Introduction

A multi-impeller agitated column, a typical extraction process equipment, achieves a high extraction efficiency using an increased agitation speed1,2. Numerous liquid droplets were created, exhibiting excellent micro-mixing, and mass transfer performance3,4. The agitation extraction columns have received attention worldwide owing to the advantages of high efficiency, and safe operation5. This equipment has been widely used in metallurgical processes to purify the leaching solution6,7. Extracting rare earth metals is extensive, and different minerals and their various behaviors are the challenges for purification. The refining process for the production of rare-earth metals with strategic applications is critical, and part of the vital knowledge depends on the ore structure8, leaching parameters9, organic extractants, and mass transfer equipment10. The development of extractive solvents in separating these metals has led to various processes with specific advantages. Various extractants have been developed with a green approach and reduced environmental impact11,12. The knowledge of the chemistry of solvents has dramatically expanded in producing rare-earth metals. However, there has been limited research on the analysis of specific equipment, and purification is carried out using mixer-settlers as a form of industrial machinery13. In order to enhance the process, researchers have created several laboratory-scale devices like membranes and micro-channels to extract and separate rare earth metals14,15. But, the research on a pilot scale is limited to a small number of studies.

In these extractors, the hydrodynamics of the flow is very important, and the distribution of droplets and their size, the dispersed phase holdup, and the slip velocity of the phases cause the flow dynamics to be achieved by the desired conditions16,17,18,19,20. Mass transfer is another examination hotspot other than the hydrodynamic characteristics for the scale-up of the extractor, which is advantageous for the intellectual upgrade of the scale-up impact and better comprehension of the scale-up process21.

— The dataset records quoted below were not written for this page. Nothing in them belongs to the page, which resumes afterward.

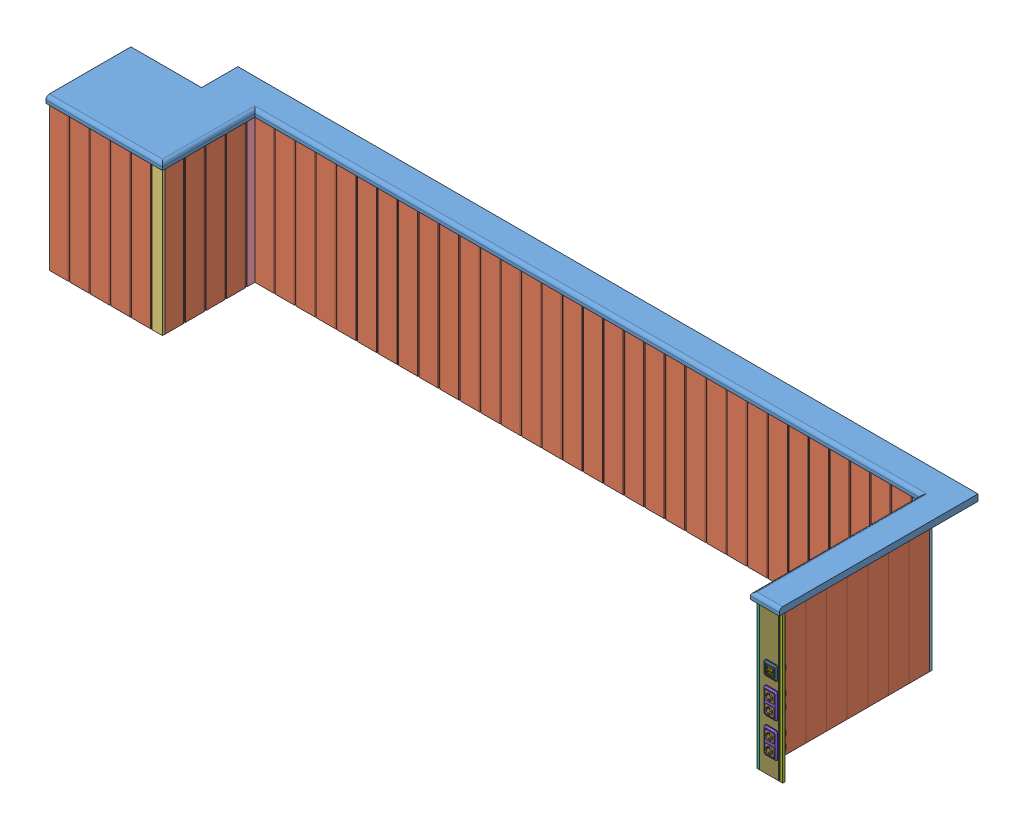
SolidWorks assembly Brüstung, configuration Standard. Lengths in mm.
Overall size (4774 900 1170).
129 component instances, 30 part files, 185 mates.
Components (placement in the parent):
- Platte-1: Platte [Standard] at (1989.1315 795.0064 4189) size (4774 38 1170)
- Wandbrett-1: Wandbrett [Standard] at (-2724.3685 795.0064 4876) x (1 0 0) z (0 0 -1) size (131 862 14)
- Wandbrett-2: Wandbrett [Standard] at (-2603.3685 795.0064 4876) x (1 0 0) z (0 0 -1) size (131 862 14)
- Wandbrett-3: Wandbrett [Standard] at (-2482.3685 795.0064 4876) x (1 0 0) z (0 0 -1) size (131 862 14)
- Wandbrett-4: Wandbrett [Standard] at (-2361.3685 795.0064 4876) x (1 0 0) z (0 0 -1) size (131 862 14)
- Wandbrett-Ecke1-1: Wandbrett-Ecke1 [Standard] at (-2119.3685 795.0064 4876) x (1 0 0) z (0 0 -1) size (61 862 14)
- Wandbrett-6: Wandbrett [Standard] at (-2125.8685 795.0064 4808.5) x (0 0 -1) z (-1 0 0) size (131 862 14)
- Wandbrett-7: Wandbrett [Standard] at (-2125.8685 795.0064 4687.5) x (0 0 -1) z (-1 0 0) size (131 862 14)
- Wandbrett-8: Wandbrett [Standard] at (-2125.8685 795.0064 4566.5) x (0 0 -1) z (-1 0 0) size (131 862 14)
- Wandbrett-9: Wandbrett [Standard] at (-2125.8685 795.0064 4445.5) x (0 0 -1) z (-1 0 0) size (131 862 14)
- Wandbrett-Ecke2-1: Wandbrett-Ecke2 [Standard] at (-2125.8685 795.0064 4324.5) x (0 0 -1) z (-1 0 0) size (60 862 14)
- Wandbrett-11: Wandbrett [Standard] at (-2058.3685 795.0064 4332) x (1 0 0) z (0 0 -1) size (131 862 14)
- Wandbrett-12: Wandbrett [Standard] at (-1937.3685 795.0064 4332) x (1 0 0) z (0 0 -1) size (131 862 14)
- Wandbrett-13: Wandbrett [Standard] at (-1816.3685 795.0064 4332) x (1 0 0) z (0 0 -1) size (131 862 14)
- Wandbrett-14: Wandbrett [Standard] at (-1695.3685 795.0064 4332) x (1 0 0) z (0 0 -1) size (131 862 14)
- Wandbrett-15: Wandbrett [Standard] at (-1574.3685 795.0064 4332) x (1 0 0) z (0 0 -1) size (131 862 14)
- Wandbrett-16: Wandbrett [Standard] at (-1453.3685 795.0064 4332) x (1 0 0) z (0 0 -1) size (131 862 14)
- Wandbrett-17: Wandbrett [Standard] at (-1332.3685 795.0064 4332) x (1 0 0) z (0 0 -1) size (131 862 14)
- Wandbrett-18: Wandbrett [Standard] at (-1211.3685 795.0064 4332) x (1 0 0) z (0 0 -1) size (131 862 14)
- Wandbrett-19: Wandbrett [Standard] at (-1090.3685 795.0064 4332) x (1 0 0) z (0 0 -1) size (131 862 14)
- Wandbrett-20: Wandbrett [Standard] at (-969.3685 795.0064 4332) x (1 0 0) z (0 0 -1) size (131 862 14)
- Wandbrett-21: Wandbrett [Standard] at (-848.3685 795.0064 4332) x (1 0 0) z (0 0 -1) size (131 862 14)
- Wandbrett-22: Wandbrett [Standard] at (-727.3685 795.0064 4332) x (1 0 0) z (0 0 -1) size (131 862 14)
- Wandbrett-23: Wandbrett [Standard] at (-606.3685 795.0064 4332) x (1 0 0) z (0 0 -1) size (131 862 14)
- Wandbrett-24: Wandbrett [Standard] at (-485.3685 795.0064 4332) x (1 0 0) z (0 0 -1) size (131 862 14)
- Wandbrett-25: Wandbrett [Standard] at (-364.3685 795.0064 4332) x (1 0 0) z (0 0 -1) size (131 862 14)
- Wandbrett-26: Wandbrett [Standard] at (-243.3685 795.0064 4332) x (1 0 0) z (0 0 -1) size (131 862 14)
- Wandbrett-27: Wandbrett [Standard] at (-122.3685 795.0064 4332) x (1 0 0) z (0 0 -1) size (131 862 14)
- Wandbrett-28: Wandbrett [Standard] at (-1.3685 795.0064 4332) x (1 0 0) z (0 0 -1) size (131 862 14)
- Wandbrett-29: Wandbrett [Standard] at (119.6315 795.0064 4332) x (1 0 0) z (0 0 -1) size (131 862 14)
- Wandbrett-30: Wandbrett [Standard] at (240.6315 795.0064 4332) x (1 0 0) z (0 0 -1) size (131 862 14)
- Wandbrett-31: Wandbrett [Standard] at (361.6315 795.0064 4332) x (1 0 0) z (0 0 -1) size (131 862 14)
- Wandbrett-32: Wandbrett [Standard] at (482.6315 795.0064 4332) x (1 0 0) z (0 0 -1) size (131 862 14)
- Wandbrett-33: Wandbrett [Standard] at (603.6315 795.0064 4332) x (1 0 0) z (0 0 -1) size (131 862 14)
- Wandbrett-34: Wandbrett [Standard] at (724.6315 795.0064 4332) x (1 0 0) z (0 0 -1) size (131 862 14)
- Wandbrett-35: Wandbrett [Standard] at (845.6315 795.0064 4332) x (1 0 0) z (0 0 -1) size (131 862 14)
- Wandbrett-36: Wandbrett [Standard] at (966.6315 795.0064 4332) x (1 0 0) z (0 0 -1) size (131 862 14)
- Wandbrett-37: Wandbrett [Standard] at (1087.6315 795.0064 4332) x (1 0 0) z (0 0 -1) size (131 862 14)
- Wandbrett-38: Wandbrett [Standard] at (1208.6315 795.0064 4332) x (1 0 0) z (0 0 -1) size (131 862 14)
- Wandbrett-39: Wandbrett [Standard] at (1329.6315 795.0064 4332) x (1 0 0) z (0 0 -1) size (131 862 14)
- Wandbrett-40: Wandbrett [Standard] at (1450.6315 795.0064 4332) x (1 0 0) z (0 0 -1) size (131 862 14)
- Wandbrett-41: Wandbrett [Standard] at (1571.6315 795.0064 4332) x (1 0 0) z (0 0 -1) size (131 862 14)
- Wandbrett-42: Wandbrett [Standard] at (1692.6315 795.0064 4332) x (1 0 0) z (0 0 -1) size (131 862 14)
- Wandbrett-43: Wandbrett [Standard] at (-2240.3685 795.0064 4876) x (1 0 0) z (0 0 -1) size (131 862 14)
- Wandbrett-Ecke3-1: Wandbrett-Ecke3 [Standard] at (1813.6315 795.0064 4332) x (1 0 0) z (0 0 -1) size (100 862 14)
- Wandbrett-44: Wandbrett [Standard] at (1846.1315 795.0064 4399.5) x (0 0 1) z (1 0 0) size (131 862 14)
- Wandbrett-45: Wandbrett [Standard] at (1846.1315 795.0064 4520.5) x (0 0 1) z (1 0 0) size (131 862 14)
- Wandbrett-46: Wandbrett [Standard] at (1846.1315 795.0064 4641.5) x (0 0 1) z (1 0 0) size (131 862 14)
- Wandbrett-47: Wandbrett [Standard] at (1846.1315 795.0064 4762.5) x (0 0 1) z (1 0 0) size (131 862 14)
- Wandbrett-48: Wandbrett [Standard] at (1846.1315 795.0064 4883.5) x (0 0 1) z (1 0 0) size (131 862 14)
- Wandbrett-49: Wandbrett [Standard] at (1846.1315 795.0064 5004.5) x (0 0 1) z (1 0 0) size (131 862 14)
- Wandbrett-50: Wandbrett [Standard] at (1846.1315 795.0064 5125.5) x (0 0 1) z (1 0 0) size (131 862 14)
- Wandbrett-51: Wandbrett [Standard] at (1846.1315 795.0064 5246.5) x (0 0 1) z (1 0 0) size (131 862 14)
- Wandbrett-Ecke4-1: Wandbrett-Ecke4 [Standard] at (1846.1315 795.0064 5367.5) x (0 0 1) z (1 0 0) size (32 862 14)
- Wandbrett-Ecke5-1: Wandbrett-Ecke5 [Standard] at (2034.6315 795.0064 5332) x (1 0 0) z (0 0 -1) size (15 862 14)
- Steckdose_2er-1: Steckdose_2er [Standard] at (1873.2124 150.5045 5350) x (0 -1 0) z (0 0 1) size (152.53 80.54 48.85)
  - Wandplatte_2er-1: Wandplatte_2er [Standard] at origin size (152.53 80.54 11)
  - Steckdose-1: Steckdose [Standard] at (58.6803 128.1202 -10.7714) x (1 0 0) z (0 -1 0) size (71 48.85 71)
    - Montageplatte.02-1: Montageplatte.02 [Standard] at (-129.6803 11 128.1202) x (1 0 0) z (0 1 0) size (71 71 18.97)
    - Halter-1: Halter [Standard] at (-129.6803 11 128.1202) x (1 0 0) z (0 1 0) size (45.97 31.9 15.37)
    - Kralle.04-1: Kralle.04 [Standard] at (-126.9942 12.4168 128.1202) x (0.996195 -0.087156 0) z (0.087156 0.996195 0) size (8.78 9 23.36)
    - Kralle.04-2: Kralle.04 [Standard] at (21.6299 12.4168 26.282) x (-0.996195 -0.087156 0) z (-0.087156 0.996195 0) size (8.78 9 23.36)
    - Buchse-1: Buchse [Standard] at (-129.6803 10.7714 128.1202) x (1 0 0) z (0 1 0) size (64.03 64.03 27)
    - Stromklemme_1.02-1: Stromklemme_1.02 [Standard] at (-129.6803 11 127.9932) x (1 0 0) z (0 1 0) size (8.38 19.82 12.51)
    - Stromklemme_2.02-1: Stromklemme_2.02 [Standard] at (-129.6803 11 127.9932) x (1 0 0) z (0 1 0) size (8.38 19.82 12.51)
    - Erdleiter-1: Erdleiter [Standard] at (-129.6803 11 128.1202) x (1 0 0) z (0 1 0) size (7.24 44.01 27.12)
  - Steckdose-2: Steckdose [Standard] at (129.6803 128.1202 -10.7714) x (1 0 0) z (0 -1 0) size (71 48.85 71)
    - Montageplatte.02-1: Montageplatte.02 [Standard] at (-129.6803 11 128.1202) x (1 0 0) z (0 1 0) size (71 71 18.97)
    - Halter-1: Halter [Standard] at (-129.6803 11 128.1202) x (1 0 0) z (0 1 0) size (45.97 31.9 15.37)
    - Kralle.04-1: Kralle.04 [Standard] at (-126.9942 12.4168 128.1202) x (0.996195 -0.087156 0) z (0.087156 0.996195 0) size (8.78 9 23.36)
    - Kralle.04-2: Kralle.04 [Standard] at (21.6299 12.4168 26.282) x (-0.996195 -0.087156 0) z (-0.087156 0.996195 0) size (8.78 9 23.36)
    - Buchse-1: Buchse [Standard] at (-129.6803 10.7714 128.1202) x (1 0 0) z (0 1 0) size (64.03 64.03 27)
    - Stromklemme_1.02-1: Stromklemme_1.02 [Standard] at (-129.6803 11 127.9932) x (1 0 0) z (0 1 0) size (8.38 19.82 12.51)
    - Stromklemme_2.02-1: Stromklemme_2.02 [Standard] at (-129.6803 11 127.9932) x (1 0 0) z (0 1 0) size (8.38 19.82 12.51)
    - Erdleiter-1: Erdleiter [Standard] at (-129.6803 11 128.1202) x (1 0 0) z (0 1 0) size (7.24 44.01 27.12)
- Steckdose_1er-RJ-1: Steckdose_1er-RJ [Standard] at (1922.84 484.4291 5275.7349) x (0 -1 0) z (0 0 1) size (81 80 25.23)
  - Steckdose-RJ45-1: Steckdose-RJ45 [Standard] at (18.9082 -0.7233 10.2377) size (54 54 25.23)
    - Buchse-RJ45-1: Buchse-RJ45 [Standard] at (-88.9836 -48.9043 64.0274) size (54 54 6)
    - 65864-1: 65864 [Default] at (-11.8405 9.7148 53.1274) size (17.49 15.42 25.23)
      - 65864_01-1: 65864_01 [Default] at origin size (9.69 0.75 13.83)
      - 65864_02-1: 65864_02 [Default] at origin size (9.44 0.68 13.83)
      - 65864_03-1: 65864_03 [Default] at origin size (9.69 0.61 13.84)
      - 65864_04-1: 65864_04 [Default] at origin size (9.44 0.54 13.83)
      - 65864_05-1: 65864_05 [Default] at origin size (9.69 0.54 13.82)
      - 65864_06-1: 65864_06 [Default] at origin size (9.44 0.6 13.83)
      - 65864_07-1: 65864_07 [Default] at origin size (9.69 0.68 13.83)
      - 65864_08-1: 65864_08 [Default] at origin size (9.44 0.75 13.83)
      - 65864_09-1: 65864_09 [Default] at origin size (17.11 15.1 23.65)
      - 65864_10-1: 65864_10 [Default] at origin size (6.36 10.31 6.36)
      - 65864_11-1: 65864_11 [Default] at origin size (17.49 15.42 25.23)
    - 65864-2: 65864 [Default] at (-11.8405 -5.6852 53.1274) size (17.49 15.42 25.23)
      - 65864_01-1: 65864_01 [Default] at origin size (9.69 0.75 13.83)
      - 65864_02-1: 65864_02 [Default] at origin size (9.44 0.68 13.83)
      - 65864_03-1: 65864_03 [Default] at origin size (9.69 0.61 13.84)
      - 65864_04-1: 65864_04 [Default] at origin size (9.44 0.54 13.83)
      - 65864_05-1: 65864_05 [Default] at origin size (9.69 0.54 13.82)
      - 65864_06-1: 65864_06 [Default] at origin size (9.44 0.6 13.83)
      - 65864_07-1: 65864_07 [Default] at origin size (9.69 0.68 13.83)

Asadollahzadeh et al. measured the mass transfer performance of the Oldshue-Rushton column using standard chemical systems. They found that volumetric overall mass transfer coefficients were similar under equal energy dissipation rates. However, changes in operating conditions and physical properties of the systems have an essential effect on the interfacial area, and it is associated with variation in mass transfer in different systems22,23. Kumar and Hartland studied organic-aqueous mass transfer rates of various columns, including pulsed plate, RDC, Kühni, and Karr Columns. They proposed the correction factors for determining mass transfer coefficients from single drops and liquid–liquid extraction column data24. The study of mass transfer in the scale-up extractor will play a significant role in an industrial application in the future. The utilized method to measure mass transfer coefficients on both sides varies from empirical to theoretical, first-principles, and mechanistic models25. Plug flow, backflow, axial dispersion models are essential to describe mass transfer. However, the primary concern revolves around the lack of consistency in droplet size within the column. This inconsistency hinders the establishment of an ideal flow within the column, leading to a substantial error in determining mass transfer coefficients using these models. In the forward mixing model, droplet size distributions and droplet velocities appear, which play an essential role in optimizing the mass transfer coefficients26. Studies on mass transfer in multi-impeller agitation columns are available in the literature, emphasizing and investigating the organic-side mass transfer coefficient (Kod×a) through mechanistic or empirical methods27,28.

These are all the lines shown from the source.